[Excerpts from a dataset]
◆ ◆ ◆
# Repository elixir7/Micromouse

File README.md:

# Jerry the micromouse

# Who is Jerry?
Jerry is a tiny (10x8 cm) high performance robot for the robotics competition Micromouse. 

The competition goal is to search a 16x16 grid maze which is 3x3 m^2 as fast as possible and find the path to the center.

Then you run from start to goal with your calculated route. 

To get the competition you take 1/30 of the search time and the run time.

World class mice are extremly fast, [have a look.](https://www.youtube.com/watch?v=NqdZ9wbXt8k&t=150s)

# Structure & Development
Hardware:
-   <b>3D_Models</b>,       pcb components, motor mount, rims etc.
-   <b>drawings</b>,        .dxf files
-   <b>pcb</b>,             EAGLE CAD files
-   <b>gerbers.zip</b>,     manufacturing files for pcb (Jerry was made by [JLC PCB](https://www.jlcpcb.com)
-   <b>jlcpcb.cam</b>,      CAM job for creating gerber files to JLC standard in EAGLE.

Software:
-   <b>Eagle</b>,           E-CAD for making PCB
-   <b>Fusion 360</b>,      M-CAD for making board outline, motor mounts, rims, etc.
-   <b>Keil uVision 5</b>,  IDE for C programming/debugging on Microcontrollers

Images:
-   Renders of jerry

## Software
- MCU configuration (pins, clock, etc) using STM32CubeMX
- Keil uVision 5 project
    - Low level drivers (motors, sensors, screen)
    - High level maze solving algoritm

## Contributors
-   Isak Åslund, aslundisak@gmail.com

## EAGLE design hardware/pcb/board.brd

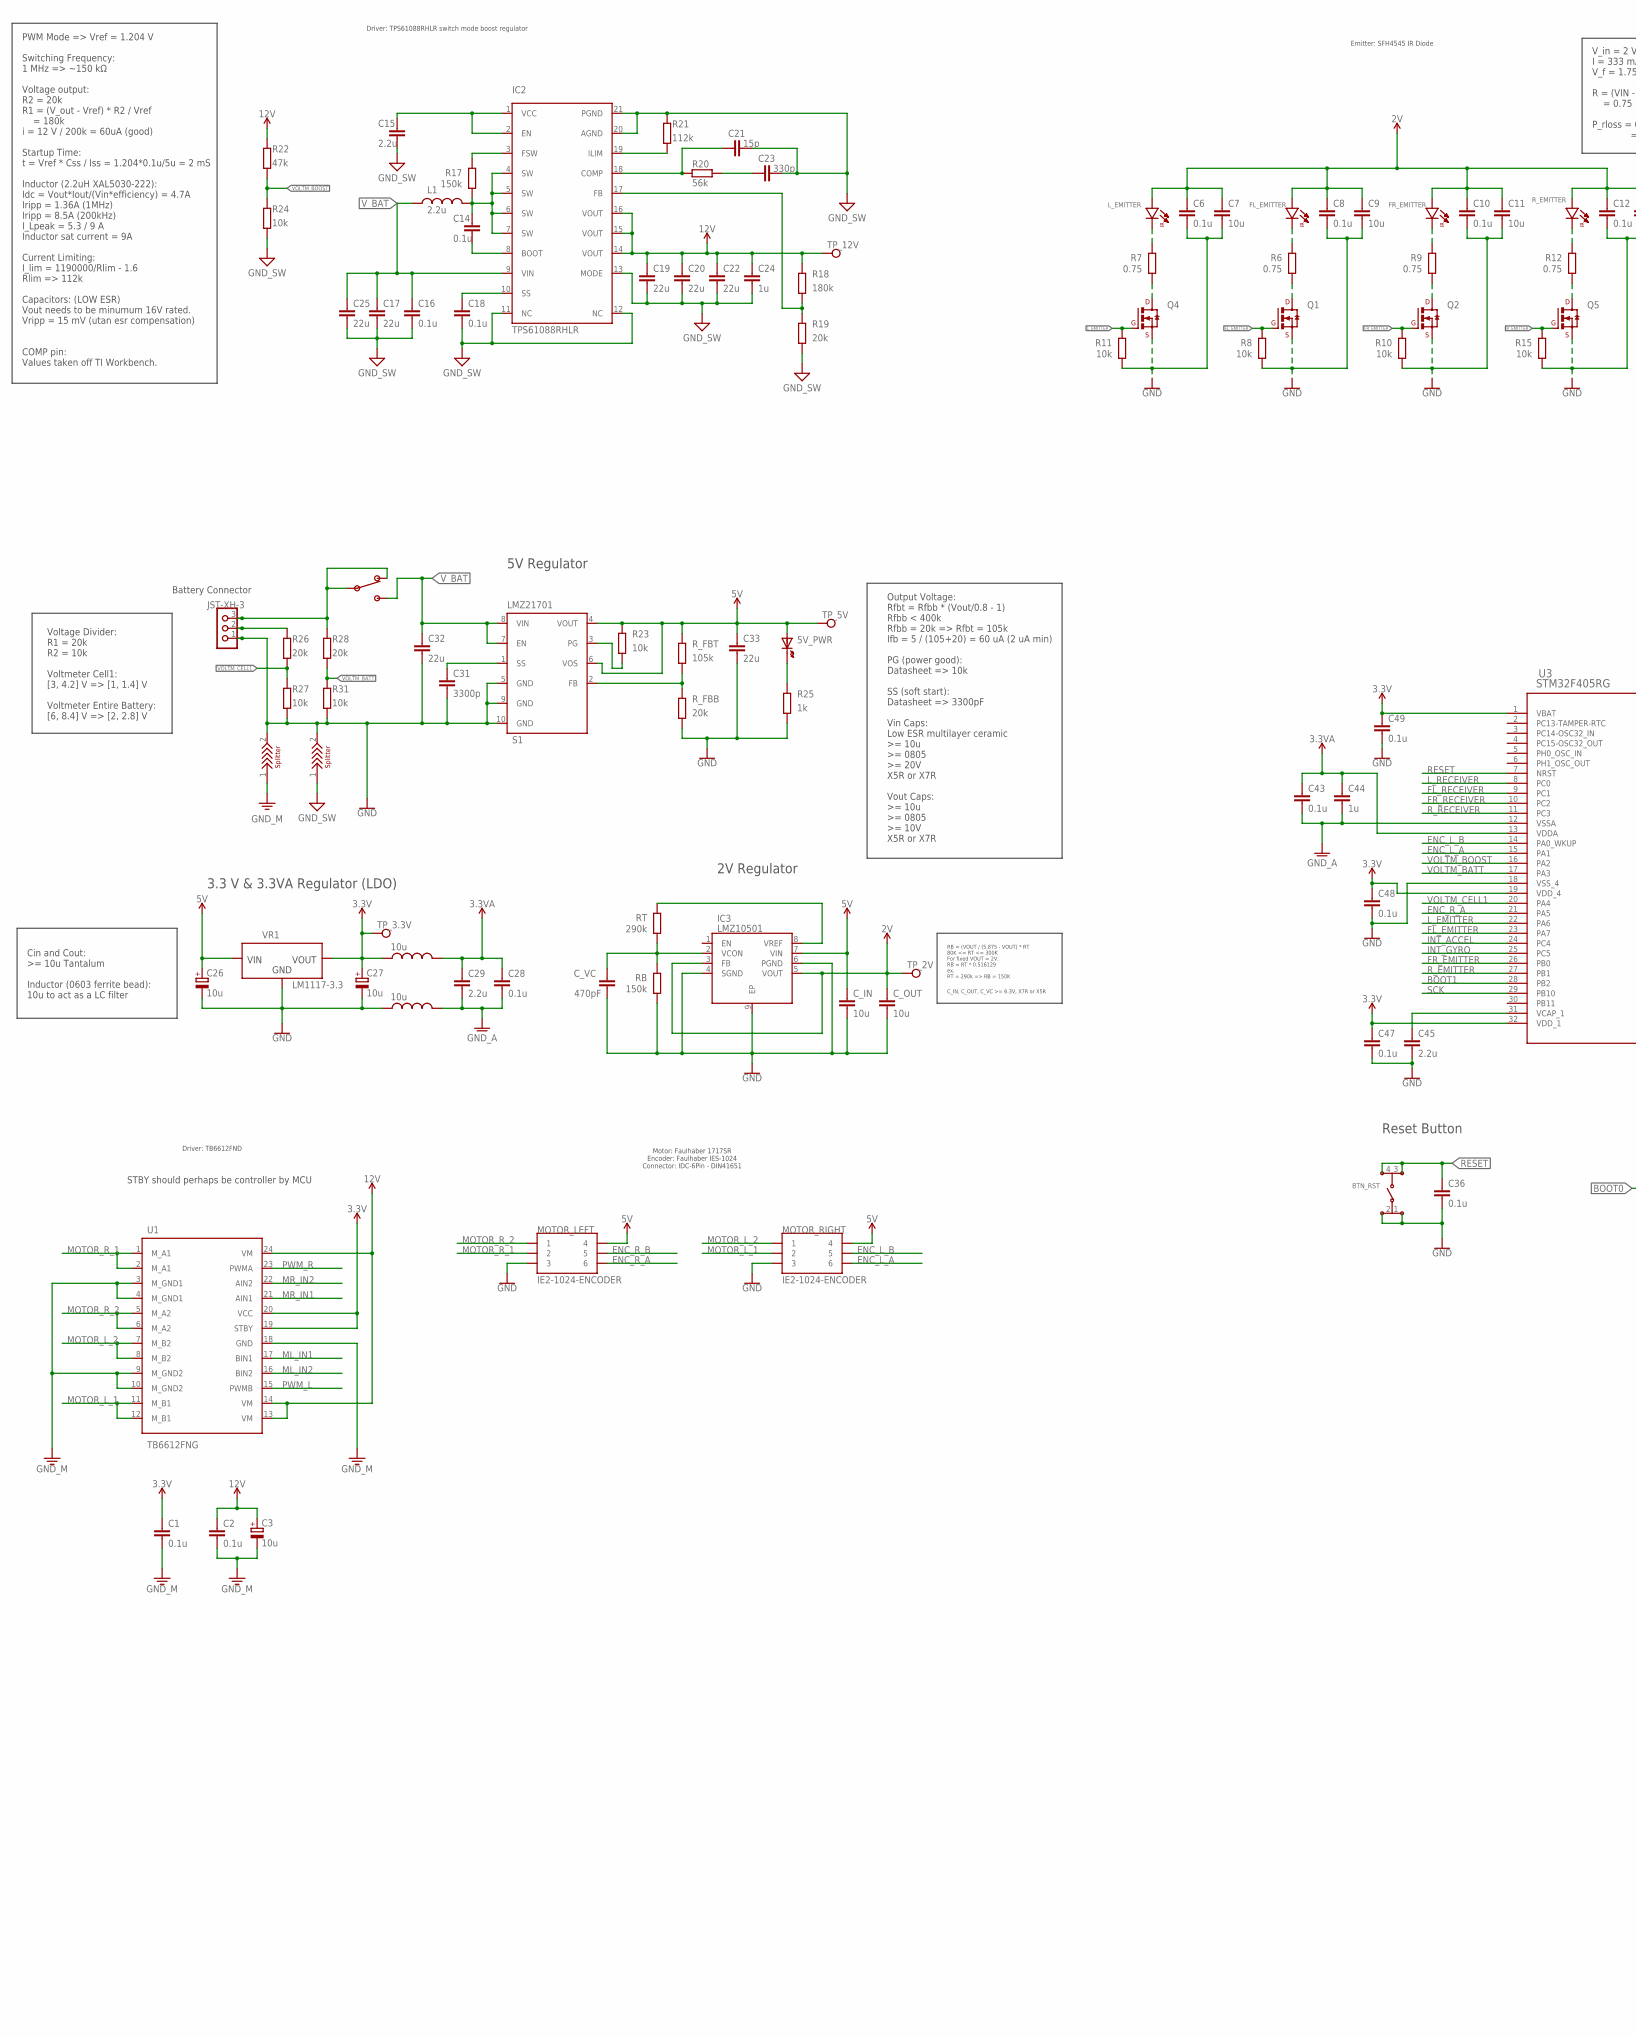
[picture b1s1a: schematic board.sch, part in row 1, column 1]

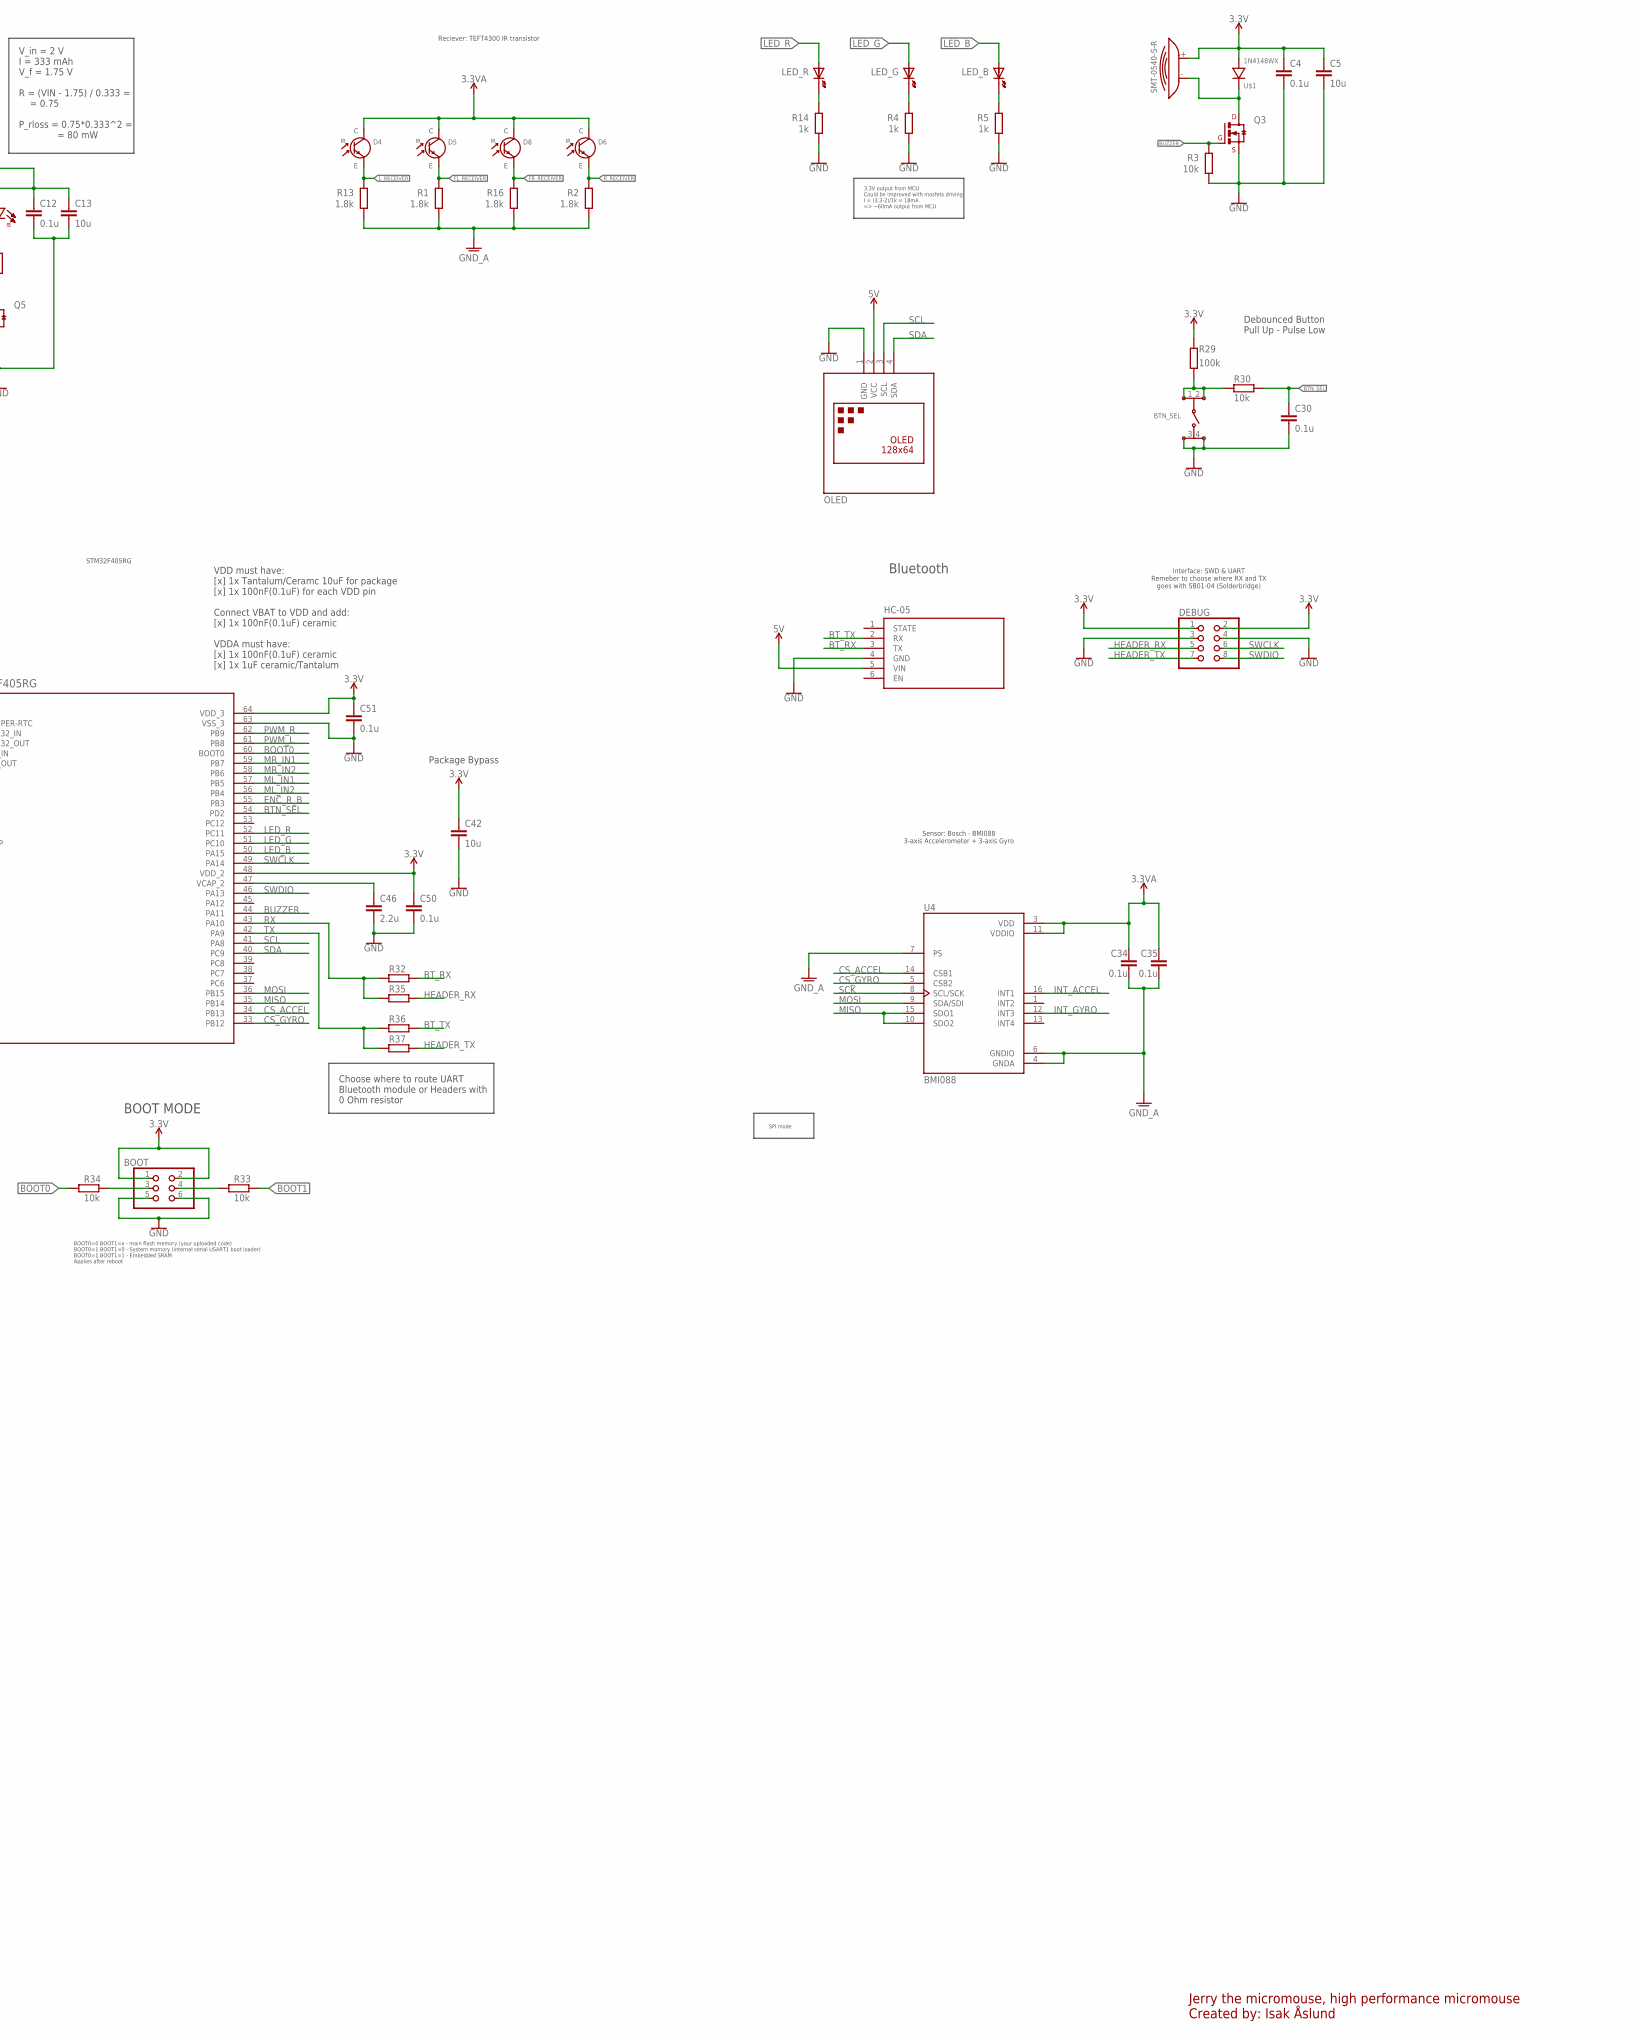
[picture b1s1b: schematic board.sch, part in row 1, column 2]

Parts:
5V_PWR: CHIP-LED0603
BOOT: PINHD-2X3; 2X03
BTN_RST: KMR621NGLFS
BTN_SEL: KMR621NGLFS
C1, C2, C4, C6, C8, C10, C12, C14, C18, C28, C30, C34, C35, C36, C43, C47, C48, C49, C50, C51: 0.1u; C0603
C3: 10u; EIA_6032-28
C5, C7, C9, C11, C13, C42: 10u; C0603
C15, C29, C45, C46: 2.2u; C0603
C16: 0.1u; C0805
C17, C19, C20, C22, C25, C33: 22u; C0805
C21: 15p; C0603
C23: 330p; C0603
C24: 1u; C0805
C26, C27: 10u; SMC_A
C31: 3300p; C0603; RATING X5R/X7R
C32: 22u; C0805; RATING X5R/X7R
C44: 1u; C0603
C_IN: 10u; C0805
C_OUT: 10u; C0805
C_VC: 470pF; C0603; RATING X5R/X7R
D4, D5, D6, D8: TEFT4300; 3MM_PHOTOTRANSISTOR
◆ ◆ ◆
- Task description: If a record contains a picture, drop the picture and repeat the rest exactly.

- Exercise result:
# Repository elixir7/Micromouse

File README.md:

# Jerry the micromouse

# Who is Jerry?
Jerry is a tiny (10x8 cm) high performance robot for the robotics competition Micromouse. 

The competition goal is to search a 16x16 grid maze which is 3x3 m^2 as fast as possible and find the path to the center.

Then you run from start to goal with your calculated route. 

To get the competition you take 1/30 of the search time and the run time.

World class mice are extremly fast, [have a look.](https://www.youtube.com/watch?v=NqdZ9wbXt8k&t=150s)

# Structure & Development
Hardware:
-   <b>3D_Models</b>,       pcb components, motor mount, rims etc.
-   <b>drawings</b>,        .dxf files
-   <b>pcb</b>,             EAGLE CAD files
-   <b>gerbers.zip</b>,     manufacturing files for pcb (Jerry was made by [JLC PCB](https://www.jlcpcb.com)
-   <b>jlcpcb.cam</b>,      CAM job for creating gerber files to JLC standard in EAGLE.

Software:
-   <b>Eagle</b>,           E-CAD for making PCB
-   <b>Fusion 360</b>,      M-CAD for making board outline, motor mounts, rims, etc.
-   <b>Keil uVision 5</b>,  IDE for C programming/debugging on Microcontrollers

Images:
-   Renders of jerry

## Software
- MCU configuration (pins, clock, etc) using STM32CubeMX
- Keil uVision 5 project
    - Low level drivers (motors, sensors, screen)
    - High level maze solving algoritm

## Contributors
-   Isak Åslund, aslundisak@gmail.com

## EAGLE design hardware/pcb/board.brd

[picture b1s1a: schematic board.sch, part in row 1, column 1]

[picture b1s1b: schematic board.sch, part in row 1, column 2]

Parts:
5V_PWR: CHIP-LED0603
BOOT: PINHD-2X3; 2X03
BTN_RST: KMR621NGLFS
BTN_SEL: KMR621NGLFS
C1, C2, C4, C6, C8, C10, C12, C14, C18, C28, C30, C34, C35, C36, C43, C47, C48, C49, C50, C51: 0.1u; C0603
C3: 10u; EIA_6032-28
C5, C7, C9, C11, C13, C42: 10u; C0603
C15, C29, C45, C46: 2.2u; C0603
C16: 0.1u; C0805
C17, C19, C20, C22, C25, C33: 22u; C0805
C21: 15p; C0603
C23: 330p; C0603
C24: 1u; C0805
C26, C27: 10u; SMC_A
C31: 3300p; C0603; RATING X5R/X7R
C32: 22u; C0805; RATING X5R/X7R
C44: 1u; C0603
C_IN: 10u; C0805
C_OUT: 10u; C0805
C_VC: 470pF; C0603; RATING X5R/X7R
D4, D5, D6, D8: TEFT4300; 3MM_PHOTOTRANSISTOR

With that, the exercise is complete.